Speculators user flow diagram

Key Features

  • Offline Training Data Generation using vLLM: Enable the generation of hidden states using vLLM. Data samples are saved to disk and can be used for draft model training.
  • Draft Model Training Support: E2E training support of single and multi-layer draft models. Training is supported for both non-MoE and MoE models. VL Training is coming soon.
  • Standardized, Extensible Format: Provides a Hugging Face-compatible format for defining speculative models, with tools to convert from external research repositories into a standard speculators format for easy adoption.
  • Seamless vLLM Integration: Built for direct deployment into vLLM, enabling low-latency, production-grade inference with minimal overhead.

Quick Start

To try out a speculative decoding model you can get started by running a pre-made one with vLLM. After installing vLLM, run:

vllm serve RedHatAI/Qwen3-8B-speculator.eagle3

(Or choose another model from the RedHatAI/speculator-models collection.)

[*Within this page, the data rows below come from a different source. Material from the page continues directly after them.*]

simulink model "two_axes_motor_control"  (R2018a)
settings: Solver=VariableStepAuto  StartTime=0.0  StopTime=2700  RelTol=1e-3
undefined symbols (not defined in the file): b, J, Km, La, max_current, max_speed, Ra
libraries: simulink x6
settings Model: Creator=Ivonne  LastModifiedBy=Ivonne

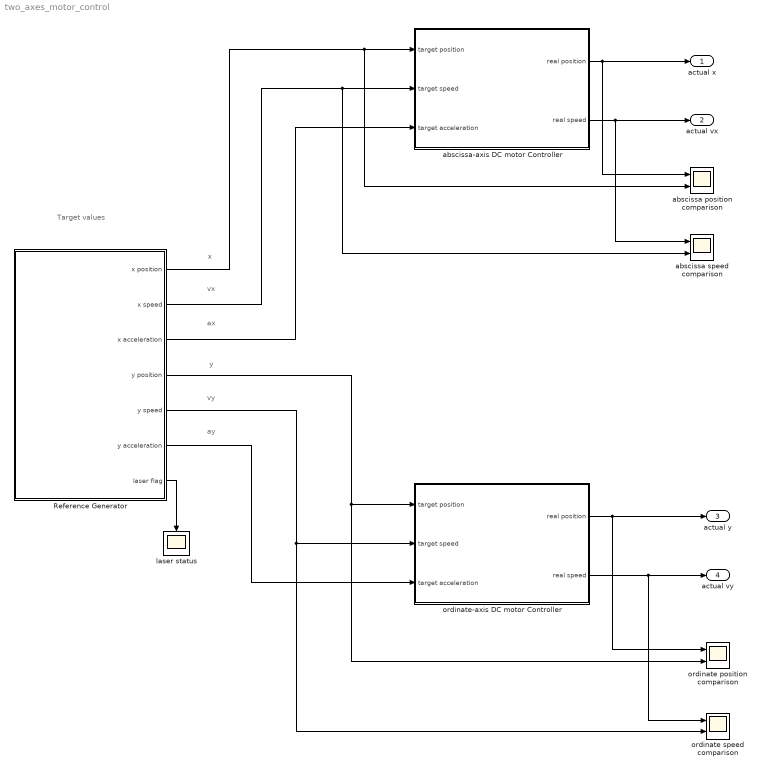
== system two_axes_motor_control ==
  note: x
  note: Target values
  note: vx
  note: ax
  note: y
  note: vy
  note: ay
  "Reference Generator " : Subsystem
  abscissa position comparison : Scope  NumInputPorts=2
  abscissa speed comparison : Scope  NumInputPorts=2
  abscissa-axis DC motor Controller : Subsystem
  laser status : Scope
  ordinate position comparison : Scope  NumInputPorts=2
  ordinate speed comparison : Scope  NumInputPorts=2
  ordinate-axis DC motor Controller : Subsystem
  actual x : Outport
  actual vx : Outport  Port=2
  actual y : Outport  Port=3
  actual vy : Outport  Port=4
  wires:
  "Reference Generator "/1("x position ") -> abscissa position comparison/2, abscissa-axis DC motor Controller/1(target position)
  "Reference Generator "/3("x acceleration ") -> abscissa-axis DC motor Controller/3(target acceleration)
  "Reference Generator "/2("x speed ") -> abscissa speed comparison/2, abscissa-axis DC motor Controller/2(target speed)
  "Reference Generator "/7("laser flag ") -> laser status/1
  abscissa-axis DC motor Controller/1(real position) -> abscissa position comparison/1, actual x/1
  abscissa-axis DC motor Controller/2(real speed) -> abscissa speed comparison/1, actual vx/1
  "Reference Generator "/4("y position ") -> ordinate position comparison/2, ordinate-axis DC motor Controller/1(target position)
  ordinate-axis DC motor Controller/1(real position) -> actual y/1, ordinate position comparison/1
  "Reference Generator "/6("y acceleration ") -> ordinate-axis DC motor Controller/3(target acceleration)
  "Reference Generator "/5("y speed ") -> ordinate-axis DC motor Controller/2(target speed), ordinate speed comparison/2
  ordinate-axis DC motor Controller/2(real speed) -> ordinate speed comparison/1, actual vy/1

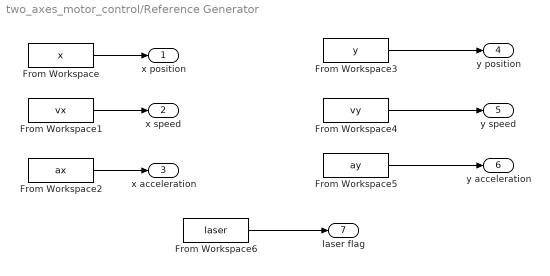
== system two_axes_motor_control/Reference Generator  ==
  From Workspace : FromWorkspace  VariableName=x  SampleTime=0  OutputAfterFinalValue=Holding final value
  From Workspace1 : FromWorkspace  VariableName=vx  SampleTime=0  OutputAfterFinalValue=Holding final value
  From Workspace2 : FromWorkspace  VariableName=ax  SampleTime=0  OutputAfterFinalValue=Holding final value
  From Workspace3 : FromWorkspace  VariableName=y  SampleTime=0  OutputAfterFinalValue=Holding final value
  From Workspace4 : FromWorkspace  VariableName=vy  SampleTime=0  OutputAfterFinalValue=Holding final value
  From Workspace5 : FromWorkspace  VariableName=ay  SampleTime=0  OutputAfterFinalValue=Holding final value
  From Workspace6 : FromWorkspace  VariableName=laser  SampleTime=0  Interpolate=off  OutputAfterFinalValue=Setting to zero
  "x position " : Outport
  "x speed " : Outport  Port=2
  "x acceleration " : Outport  Port=3
  "y position " : Outport  Port=4
  "y speed " : Outport  Port=5
  "y acceleration " : Outport  Port=6
  "laser flag " : Outport  Port=7
  wires:
  From Workspace/1 -> "x position "/1
  From Workspace5/1 -> "y acceleration "/1
  From Workspace3/1 -> "y position "/1
  From Workspace6/1 -> "laser flag "/1
  From Workspace2/1 -> "x acceleration "/1
  From Workspace4/1 -> "y speed "/1
  From Workspace1/1 -> "x speed "/1

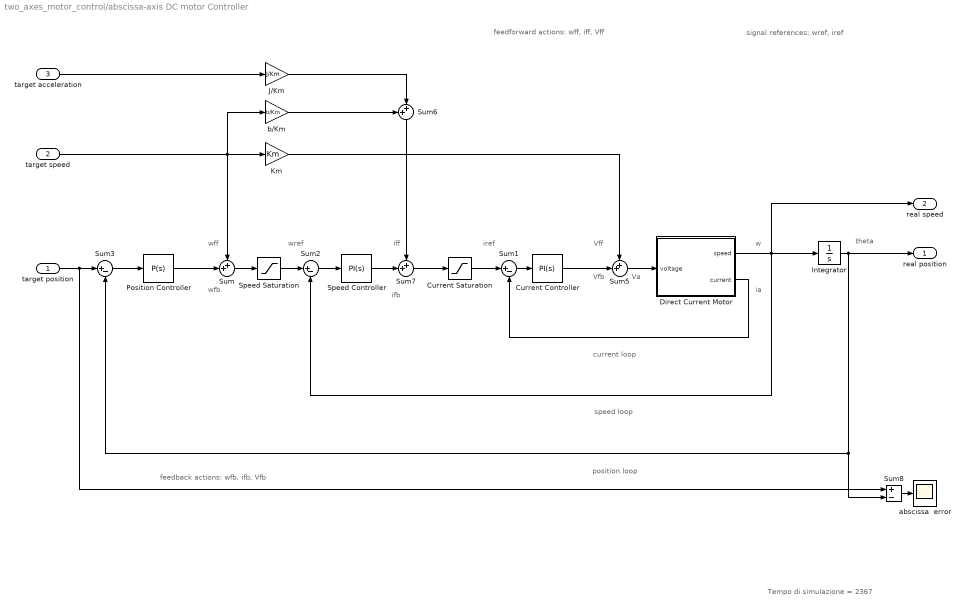
== system two_axes_motor_control/abscissa-axis DC motor Controller ==
  note: Tempo di simulazione = 2367
  note: ia
  note: theta
  note: w
  note: Va
  note: Vfb
  note: Vff
  note: signal references: wref, iref
  note: iref
  note: ifb
  note: iff
  note: wref
  note: wfb
  note: wff
  note: feedforward actions: wff, iff, Vff
  note: position loop
  note: speed loop
  note: current loop
  note: feedback actions: wfb, ifb, Vfb
  target position : Inport
  target speed : Inport  Port=2
  target acceleration : Inport  Port=3
  Current Controller : simulink/Continuous/PID Controller  Controller=PI  TimeDomain=Continuous-time  SampleTime=-1  IntegratorMethod=Forward Euler  FilterMethod=Forward Euler  Form=Parallel  UseFilter=on  ControllerParametersSource=internal  P=5000  I=10000  D=0  N=100  InitialConditionSource=internal  InitialConditionForIntegrator=0  InitialConditionForFilter=0  ExternalReset=none  LimitOutput=off  UpperSaturationLimit=inf  LowerSaturationLimit=-inf  LinearizeAsGain=on  AntiWindupMode=none  Kb=1  TrackingMode=off  Kt=1  PParamMin=[]  PParamMax=[]  IParamMin=[]  IParamMax=[]  DParamMin=[]  DParamMax=[]  NParamMin=[]  NParamMax=[]  KbParamMin=[]  KbParamMax=[]  KtParamMin=[]  KtParamMax=[]  POutMin=[]  POutMax=[]  IOutMin=[]  IOutMax=[]  DOutMin=[]  DOutMax=[]  NOutMin=[]  NOutMax=[]  KbOutMin=[]  KbOutMax=[]  KtOutMin=[]  KtOutMax=[]  IntegratorOutMin=[]  IntegratorOutMax=[]  FilterOutMin=[]  FilterOutMax=[]  SumOutMin=[]  SumOutMax=[]  SumI1OutMin=[]  SumI1OutMax=[]  SumI2OutMin=[]  SumI2OutMax=[]  SumI3OutMin=[]  SumI3OutMax=[]  SumDOutMin=[]  SumDOutMax=[]  SaturationOutMin=[]  SaturationOutMax=[]  IntegratorContinuousStateAttributes=''  IntegratorStateMustResolveToSignalObject=off  IntegratorRTWStateStorageClass=Auto  FilterContinuousStateAttributes=''  FilterStateMustResolveToSignalObject=off  FilterRTWStateStorageClass=Auto  DifferentiatorICPrevScaledInput=0  DifferentiatorOutMin=[]  DifferentiatorOutMax=[]  FilterDiffOutCoefMin=[]  FilterDiffOutCoefMax=[]  SumDenOutMin=[]  SumDenOutMax=[]  SumNumOutMin=[]  SumNumOutMax=[]  ReciprocalOutMin=[]  ReciprocalOutMax=[]  DivideOutMin=[]  DivideOutMax=[]  TunerSelectOption=Frequency Response Based
  Current Saturation : Saturate  UpperLimit=max_current  LowerLimit=-max_current
  Direct Current Motor : Subsystem
  Integrator : Integrator
  J/Km : Gain  Gain=J/Km
  Km : Gain  Gain=Km
  Position Controller : simulink/Continuous/PID Controller  Controller=P  TimeDomain=Continuous-time  SampleTime=-1  IntegratorMethod=Forward Euler  FilterMethod=Forward Euler  Form=Parallel  UseFilter=on  ControllerParametersSource=internal  P=10  I=1  D=0  N=100  InitialConditionSource=internal  InitialConditionForIntegrator=0  InitialConditionForFilter=0  ExternalReset=none  LimitOutput=off  UpperSaturationLimit=inf  LowerSaturationLimit=-inf  LinearizeAsGain=on  AntiWindupMode=none  Kb=1  TrackingMode=off  Kt=1  PParamMin=[]  PParamMax=[]  IParamMin=[]  IParamMax=[]  DParamMin=[]  DParamMax=[]  NParamMin=[]  NParamMax=[]  KbParamMin=[]  KbParamMax=[]  KtParamMin=[]  KtParamMax=[]  POutMin=[]  POutMax=[]  IOutMin=[]  IOutMax=[]  DOutMin=[]  DOutMax=[]  NOutMin=[]  NOutMax=[]  KbOutMin=[]  KbOutMax=[]  KtOutMin=[]  KtOutMax=[]  IntegratorOutMin=[]  IntegratorOutMax=[]  FilterOutMin=[]  FilterOutMax=[]  SumOutMin=[]  SumOutMax=[]  SumI1OutMin=[]  SumI1OutMax=[]  SumI2OutMin=[]  SumI2OutMax=[]  SumI3OutMin=[]  SumI3OutMax=[]  SumDOutMin=[]  SumDOutMax=[]  SaturationOutMin=[]  SaturationOutMax=[]  IntegratorContinuousStateAttributes=''  IntegratorStateMustResolveToSignalObject=off  IntegratorRTWStateStorageClass=Auto  FilterContinuousStateAttributes=''  FilterStateMustResolveToSignalObject=off  FilterRTWStateStorageClass=Auto  DifferentiatorICPrevScaledInput=0  DifferentiatorOutMin=[]  DifferentiatorOutMax=[]  FilterDiffOutCoefMin=[]  FilterDiffOutCoefMax=[]  SumDenOutMin=[]  SumDenOutMax=[]  SumNumOutMin=[]  SumNumOutMax=[]  ReciprocalOutMin=[]  ReciprocalOutMax=[]  DivideOutMin=[]  DivideOutMax=[]  TunerSelectOption=Frequency Response Based
  Speed Controller : simulink/Continuous/PID Controller  Controller=PI  TimeDomain=Continuous-time  SampleTime=-1  IntegratorMethod=Forward Euler  FilterMethod=Forward Euler  Form=Parallel  UseFilter=on  ControllerParametersSource=internal  P=200  I=400  D=0  N=100  InitialConditionSource=internal  InitialConditionForIntegrator=0  InitialConditionForFilter=0  ExternalReset=none  LimitOutput=off  UpperSaturationLimit=inf  LowerSaturationLimit=-inf  LinearizeAsGain=on  AntiWindupMode=none  Kb=1  TrackingMode=off  Kt=1  PParamMin=[]  PParamMax=[]  IParamMin=[]  IParamMax=[]  DParamMin=[]  DParamMax=[]  NParamMin=[]  NParamMax=[]  KbParamMin=[]  KbParamMax=[]  KtParamMin=[]  KtParamMax=[]  POutMin=[]  POutMax=[]  IOutMin=[]  IOutMax=[]  DOutMin=[]  DOutMax=[]  NOutMin=[]  NOutMax=[]  KbOutMin=[]  KbOutMax=[]  KtOutMin=[]  KtOutMax=[]  IntegratorOutMin=[]  IntegratorOutMax=[]  FilterOutMin=[]  FilterOutMax=[]  SumOutMin=[]  SumOutMax=[]  SumI1OutMin=[]  SumI1OutMax=[]  SumI2OutMin=[]  SumI2OutMax=[]  SumI3OutMin=[]  SumI3OutMax=[]  SumDOutMin=[]  SumDOutMax=[]  SaturationOutMin=[]  SaturationOutMax=[]  IntegratorContinuousStateAttributes=''  IntegratorStateMustResolveToSignalObject=off  IntegratorRTWStateStorageClass=Auto  FilterContinuousStateAttributes=''  FilterStateMustResolveToSignalObject=off  FilterRTWStateStorageClass=Auto  DifferentiatorICPrevScaledInput=0  DifferentiatorOutMin=[]  DifferentiatorOutMax=[]  FilterDiffOutCoefMin=[]  FilterDiffOutCoefMax=[]  SumDenOutMin=[]  SumDenOutMax=[]  SumNumOutMin=[]  SumNumOutMax=[]  ReciprocalOutMin=[]  ReciprocalOutMax=[]  DivideOutMin=[]  DivideOutMax=[]  TunerSelectOption=Frequency Response Based
  Speed Saturation : Saturate  UpperLimit=max_speed  LowerLimit=-max_speed
  Sum{,5..7} (4 alike) : Sum  Inputs=++|
  Sum1 : Sum  Inputs=|+-
  Sum2 : Sum  Inputs=|+-
  Sum3 : Sum  Inputs=|+-
  Sum8 : Sum  Inputs=+-
  abscissa  error : Scope
  b/Km : Gain  Gain=b/Km
  real position : Outport
  real speed : Outport  Port=2
  wires:
  Sum6/1 -> Sum7/1
  Direct Current Motor/1(speed) -> Sum2/2, Integrator/1, real speed/1
  Current Saturation/1 -> Sum1/1
  target speed/1 -> b/Km/1, Km/1, Sum/1
  Sum2/1 -> Speed Controller/1
  Speed Saturation/1 -> Sum2/1
  target position/1 -> Sum8/1, Sum3/1
  Current Controller/1 -> Sum5/2
  Sum5/1 -> Direct Current Motor/1(voltage)
  b/Km/1 -> Sum6/1
  Speed Controller/1 -> Sum7/2
  Position Controller/1 -> Sum/2
  Integrator/1 -> Sum8/2, Sum3/2, real position/1
  target acceleration/1 -> J/Km/1
  Direct Current Motor/2(current) -> Sum1/2
  Sum3/1 -> Position Controller/1
  Sum/1 -> Speed Saturation/1
  J/Km/1 -> Sum6/2
  Km/1 -> Sum5/1
  Sum1/1 -> Current Controller/1
  Sum7/1 -> Current Saturation/1
  Sum8/1 -> abscissa  error/1

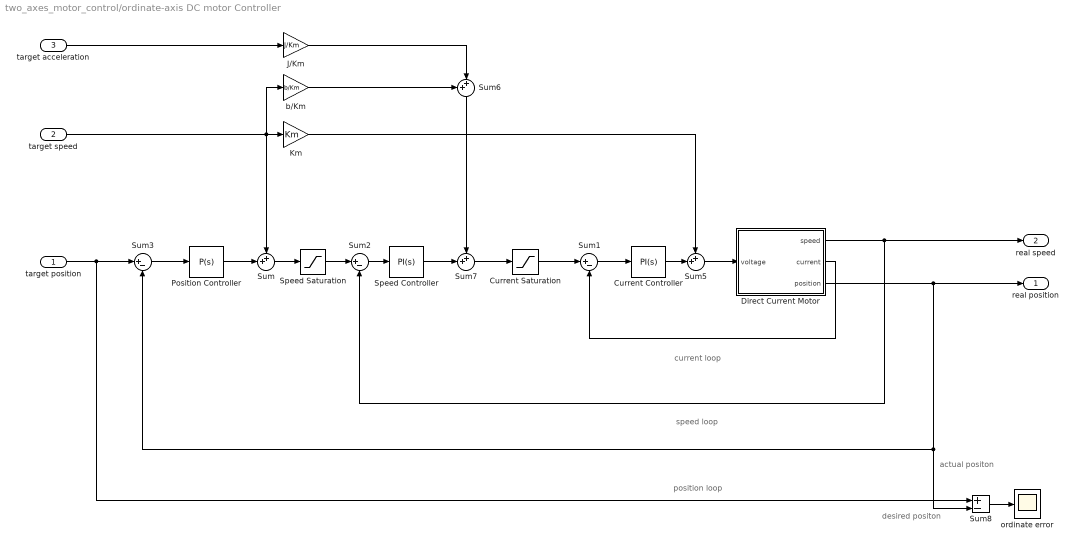
== system two_axes_motor_control/ordinate-axis DC motor Controller ==
  note: desired
      | positon
  note: position loop
  note: speed loop
  note: current loop
  note: actual
      | positon
  target position : Inport
  target speed : Inport  Port=2
  target acceleration : Inport  Port=3
  Current Controller : simulink/Continuous/PID Controller  Controller=PI  TimeDomain=Continuous-time  SampleTime=-1  IntegratorMethod=Forward Euler  FilterMethod=Forward Euler  Form=Parallel  UseFilter=on  ControllerParametersSource=internal  P=100  I=300  D=0  N=100  InitialConditionSource=internal  InitialConditionForIntegrator=0  InitialConditionForFilter=0  ExternalReset=none  LimitOutput=off  UpperSaturationLimit=inf  LowerSaturationLimit=-inf  LinearizeAsGain=on  AntiWindupMode=none  Kb=1  TrackingMode=off  Kt=1  PParamMin=[]  PParamMax=[]  IParamMin=[]  IParamMax=[]  DParamMin=[]  DParamMax=[]  NParamMin=[]  NParamMax=[]  KbParamMin=[]  KbParamMax=[]  KtParamMin=[]  KtParamMax=[]  POutMin=[]  POutMax=[]  IOutMin=[]  IOutMax=[]  DOutMin=[]  DOutMax=[]  NOutMin=[]  NOutMax=[]  KbOutMin=[]  KbOutMax=[]  KtOutMin=[]  KtOutMax=[]  IntegratorOutMin=[]  IntegratorOutMax=[]  FilterOutMin=[]  FilterOutMax=[]  SumOutMin=[]  SumOutMax=[]  SumI1OutMin=[]  SumI1OutMax=[]  SumI2OutMin=[]  SumI2OutMax=[]  SumI3OutMin=[]  SumI3OutMax=[]  SumDOutMin=[]  SumDOutMax=[]  SaturationOutMin=[]  SaturationOutMax=[]  IntegratorContinuousStateAttributes=''  IntegratorStateMustResolveToSignalObject=off  IntegratorRTWStateStorageClass=Auto  FilterContinuousStateAttributes=''  FilterStateMustResolveToSignalObject=off  FilterRTWStateStorageClass=Auto  DifferentiatorICPrevScaledInput=0  DifferentiatorOutMin=[]  DifferentiatorOutMax=[]  FilterDiffOutCoefMin=[]  FilterDiffOutCoefMax=[]  SumDenOutMin=[]  SumDenOutMax=[]  SumNumOutMin=[]  SumNumOutMax=[]  ReciprocalOutMin=[]  ReciprocalOutMax=[]  DivideOutMin=[]  DivideOutMax=[]  TunerSelectOption=Transfer Function Based (PID Tuner App)
  Current Saturation : Saturate  UpperLimit=max_current  LowerLimit=-max_current
  Direct Current Motor : Subsystem
  J/Km : Gain  Gain=J/Km
  Km : Gain  Gain=Km
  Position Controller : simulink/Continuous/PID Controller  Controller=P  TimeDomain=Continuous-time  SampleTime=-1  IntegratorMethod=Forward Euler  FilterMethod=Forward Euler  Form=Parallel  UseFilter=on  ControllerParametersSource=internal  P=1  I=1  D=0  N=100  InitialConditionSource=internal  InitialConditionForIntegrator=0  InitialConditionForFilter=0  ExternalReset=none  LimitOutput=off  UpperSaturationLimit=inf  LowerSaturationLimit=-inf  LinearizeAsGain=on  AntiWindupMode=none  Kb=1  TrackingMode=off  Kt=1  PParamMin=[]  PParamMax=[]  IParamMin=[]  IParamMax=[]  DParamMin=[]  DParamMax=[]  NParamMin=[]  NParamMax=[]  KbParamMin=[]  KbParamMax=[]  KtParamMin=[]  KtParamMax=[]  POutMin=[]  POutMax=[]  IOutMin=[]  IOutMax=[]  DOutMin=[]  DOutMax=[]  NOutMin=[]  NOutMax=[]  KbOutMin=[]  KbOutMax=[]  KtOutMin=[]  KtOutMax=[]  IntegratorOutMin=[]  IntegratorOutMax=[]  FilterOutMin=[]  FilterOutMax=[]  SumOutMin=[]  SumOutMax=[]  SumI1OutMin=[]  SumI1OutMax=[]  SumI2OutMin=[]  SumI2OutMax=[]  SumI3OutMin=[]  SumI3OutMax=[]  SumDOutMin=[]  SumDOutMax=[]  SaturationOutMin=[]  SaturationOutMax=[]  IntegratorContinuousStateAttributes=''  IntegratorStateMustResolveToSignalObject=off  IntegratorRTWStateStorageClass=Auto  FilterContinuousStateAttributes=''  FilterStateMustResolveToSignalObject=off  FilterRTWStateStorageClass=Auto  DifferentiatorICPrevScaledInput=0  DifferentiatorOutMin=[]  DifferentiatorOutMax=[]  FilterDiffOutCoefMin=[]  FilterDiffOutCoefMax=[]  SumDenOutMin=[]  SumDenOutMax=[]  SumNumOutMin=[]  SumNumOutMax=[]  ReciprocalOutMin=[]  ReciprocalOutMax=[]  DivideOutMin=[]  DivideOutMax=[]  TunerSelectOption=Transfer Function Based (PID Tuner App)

Behind the scenes, this is reading the model from Hugging Face, parsing the speculators_config and setting up both the speculator and verifier models to run together.

To create a speculative decoding model for a different verifier model there are two approaches you can choose:

  1. Train a new speculative decoding model (instructions)(examples).
  2. Convert an existing model from a third-party library to the Speculators format for easy deployment with vLLM (instructions) (examples).